On September 11th, the sacrifices and courageous actions of New York firefighters elevated the profession in the hearts and minds of their countrymen. Overnight they became the homefront equivalent of war heroes. Many movies have been made about blazes and the men who battle them but “Ladder 49” is the first made since the terrorist attacks and, prior to seeing it, I couldn’t help but wonder whether it would offer a thoughtful, convincing portrait of the lifestyle or simply exploit the nation’s newfound appreciation of the people who elect to live it.
It was worse than I ever could have imagined. As written by Lewis Colick and directed by Jay (“Tuck Everlasting”) Russell, the movie is shameless to a degree that borders on the offensive. Joaquin Phoenix, who earlier this year gave “The Village” most of what little dramatic credibility it had, is powerless to redeem this pandering three hankie hokum. He plays a Baltimore fireman whose unit rushes into a burning warehouse in the picture’s opening scene. No sooner has he located a victim and lowered him to safety than the floor beneath him gives way sending him plummeting several levels into a pit of cement boulders and twisted metal. The rest of the movie is divided between the desperate efforts of his buddies to rescue him and flashbacks tracking his evolution from freshfaced rookie to seasoned ace a family man.
The flashbacks are the hardest to take. Don’t even think about going anywhere near this picture if you’re diabetic. Life at the station house is presented as an endless series of pranks and high jinks. John Travolta turns in the least interesting performance of his career in the role of the squad’s chief. Between fires, his job appears to consist primarily of maintaining an Up With People-meets-“Animal House” atmosphere. He presides over an initiation rite, for example, in which new members of the team are fooled into confessing to a fake priest when they first report for duty. One day Phoenix is surprised when a large goose bursts from his locker (“Good one, guys!”).

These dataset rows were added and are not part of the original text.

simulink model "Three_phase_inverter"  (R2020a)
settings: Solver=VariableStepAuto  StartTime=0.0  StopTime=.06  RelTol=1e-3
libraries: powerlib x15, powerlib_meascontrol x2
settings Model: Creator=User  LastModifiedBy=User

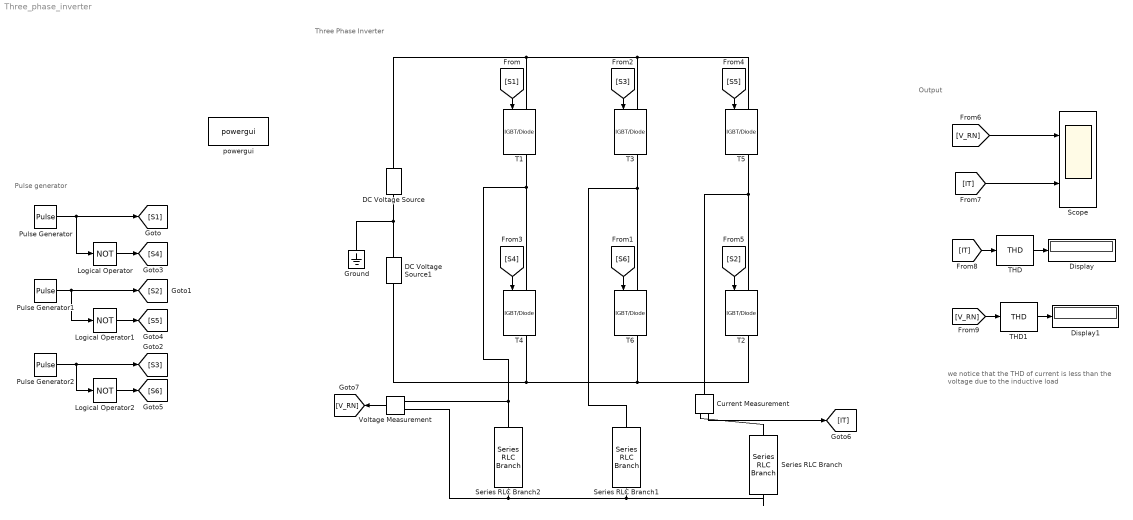
== system Three_phase_inverter ==
  note: Output
  note: we notice that the THD of current is less than the voltage due to the inductive load
  note: Three Phase Inverter
  note: Pulse generator
  Current Measurement : powerlib/Measurements/Current Measurement  PhasorSimulation=off  OutputType=Complex  PSBequivalent=0
  DC Voltage Source : powerlib/Electrical Sources/DC Voltage Source  Amplitude=100  Measurements=None
  DC Voltage Source1 : powerlib/Electrical Sources/DC Voltage Source  Amplitude=100  Measurements=None
  Display : Display
  Display1 : Display
  Ground : powerlib/Elements/Ground  LConnTagsString=a
  Logical Operator : Logic  Operator=NOT  AllPortsSameDT=off  OutDataTypeStr=boolean
  Logical Operator1 : Logic  Operator=NOT  AllPortsSameDT=off  OutDataTypeStr=boolean
  Logical Operator2 : Logic  Operator=NOT  AllPortsSameDT=off  OutDataTypeStr=boolean
  Pulse Generator : DiscretePulseGenerator  PulseType=Time based  Period=.02  PulseWidth=50
  Pulse Generator1 : DiscretePulseGenerator  PulseType=Time based  Period=.02  PulseWidth=50  PhaseDelay=.02*(60/360)
  Pulse Generator2 : DiscretePulseGenerator  PulseType=Time based  Period=.02  PulseWidth=50  PhaseDelay=.02*(120/360)
  Scope : Scope  NumInputPorts=2
  Series RLC Branch : powerlib/Elements/Series RLC Branch  LConnTagsString=__new0  RConnTagsString=__new0  BranchType=RL  Resistance=10  Inductance=50e-3  SetiL0=off  InitialCurrent=0  Capacitance=1e-6  Setx0=off  InitialVoltage=0  Measurements=None
  Series RLC Branch1 : powerlib/Elements/Series RLC Branch  LConnTagsString=__new0  RConnTagsString=__new0  BranchType=RL  Resistance=10  Inductance=50e-3  SetiL0=off  InitialCurrent=0  Capacitance=1e-6  Setx0=off  InitialVoltage=0  Measurements=None
  Series RLC Branch2 : powerlib/Elements/Series RLC Branch  LConnTagsString=__new0  RConnTagsString=__new0  BranchType=RL  Resistance=10  Inductance=50e-3  SetiL0=off  InitialCurrent=0  Capacitance=1e-6  Setx0=off  InitialVoltage=0  Measurements=None
  T{1..6} (6 alike) : powerlib/Power Electronics/IGBT//Diode  Ron=1e-3  Rs=1e5  Cs=inf  Measurements=on
  THD : powerlib_meascontrol/Measurements/THD  Freq=60  Ts=0
  THD1 : powerlib_meascontrol/Measurements/THD  Freq=60  Ts=0
  Voltage Measurement : powerlib/Measurements/Voltage Measurement  PhasorSimulation=off  OutputType=Complex  PSBequivalent=0
  powergui : powerlib/powergui  Priority=1  SimulationMode=Continuous  SampleTime=50e-6  frequency=60  Iterations=50  frequencyindice=0  Pbase=100e6  ErrMax=1e-4  UnitsV=kV  UnitsW=MW  buscounter=0  FunctionMessages=off  echomessages=off  EnableUseOfTLC=off  CurrentSourceSwitches=off  DisableSnubberDevices=on  DisableRonSwitches=on  DisableVfSwitches=on  DisplayEquations=off  AutomaticDiscreteSolvers=off  SolverType=Tustin/Backward Euler (TBE)  Interpol=off  ExternalGateDelay=off  methode=off  Ts=100  x0status=blocks  SPID=on  SwTol=0  HookPort=off  NonlinearTolerance=1e-4  nMaxIteration=100  ContinueOnMaxIteration=off  RestoreLinks=warning  ResistiveCurrentMeasurement=off  Frange=[0:2:500]  Ylog=off  Xlog=on  ShowGrid=off  save=off  variable=ZData  structure=0  ZoomFFT=off  StartTime=0.0  cycles=1  DisplayStyle=1  fundamental=60  FreqAxis=off  MaxFrequency=1000  frequencyindicesteady=1  RmsSteady=1  display=off
  wires:
  Pulse Generator/1 -> [S1], Logical Operator/1
  Pulse Generator1/1 -> [S2], Logical Operator1/1
  [S1] -> T1/1
  [S6] -> T6/1
  [S3] -> T3/1
  [S4] -> T4/1
  Pulse Generator2/1 -> Logical Operator2/1, [S3]
  Logical Operator/1 -> [S4]
  Logical Operator1/1 -> [S5]
  Logical Operator2/1 -> [S6]
  [S5] -> T5/1
  [S2] -> T2/1
  Current Measurement/1 -> [IT]
  Voltage Measurement/1 -> [V_RN]
  [V_RN] -> Scope/1
  [IT] -> Scope/2
  [IT] -> THD/1
  THD/1 -> Display/1
  [V_RN] -> THD1/1
  THD1/1 -> Display1/1
  connections:
  T1/LConn1 -- DC Voltage Source/RConn1 -- T5/LConn1 -- T3/LConn1
  T4/RConn1 -- DC Voltage Source1/LConn1 -- T2/RConn1 -- T6/RConn1
  T1/RConn1 -- Series RLC Branch2/LConn1 -- Voltage Measurement/LConn1 -- T4/LConn1
  DC Voltage Source1/RConn1 -- Ground/LConn1 -- DC Voltage Source/LConn1
  T3/RConn1 -- Series RLC Branch1/LConn1 -- T6/LConn1
  T2/LConn1 -- Current Measurement/LConn1 -- T5/RConn1
  Series RLC Branch/RConn1 -- Voltage Measurement/LConn2 -- Series RLC Branch2/RConn1 -- Series RLC Branch1/RConn1
  Series RLC Branch/LConn1 -- Current Measurement/RConn1

Nights are a nonstop festival of fraternity spent at a neighborhood bar. I haven’t seen this much heavy drinking in a movie since “Leaving Las Vegas” but Russell directs these scenes as though he were shooting a commercial for The Olive Garden. Songs are sung, jokes are told, pregnancies are announced-everybody’s one big happy family.
Meanwhile back at the warehouse, Phoenix lies in a crumpled heap. When he regains consciousness, he radios Travolta and reports that he’s “pretty broken up.” A great deal of time passes without the fallen hero shifting his body leading the viewer to conclude that his injuries have immobilized him. So it comes as a goose-in-the-locker level shock when Travolta consults blueprints of the building, suggests that his comrade tunnel through a brick wall to an interior room and Phoenix suddenly transforms into a human drill sending hunks of brick and mortar flying.
The impression the movie gives is that Colick couldn’t decide whether he wanted to write a button-pushing band of brothers saga or a tale of doomed romance and so wrote both. Jacinda Barrett gives a dewey eyed performance as Phoenix’s soul mate, a working class girl he picks up in a supermarket and goes on to marry. In a directional display that’s as schizophrenic as it is plagiarizing, Russell plays “Titanic”-style music almost every time Barrett and Phoenix share a scene and mirrors a famous sequence from that film by having the couple cruise the streets of the city while perched ecstatically on the back of a firetruck. No doubt it’s mere coincidence that Phoenix’s character, like Leonardo DiCaprio’s, is named Jack.
Empty headed sentimentality cynically marketed as tribute, “Ladder 49” doesn’t celebrate or honor America’s firefighters. How can it when the film doesn’t even take place on the same planet? The men in this movie are little more than beer ad cliches going through Ford tough motions as though trapped in a bad country music video. There’s not a realistic moment or character or performance in the picture.
The risks firefighters take, like the sacrifices they make every day, are all too real. They deserve our thanks, our respect and infinitely better movie treatment than this.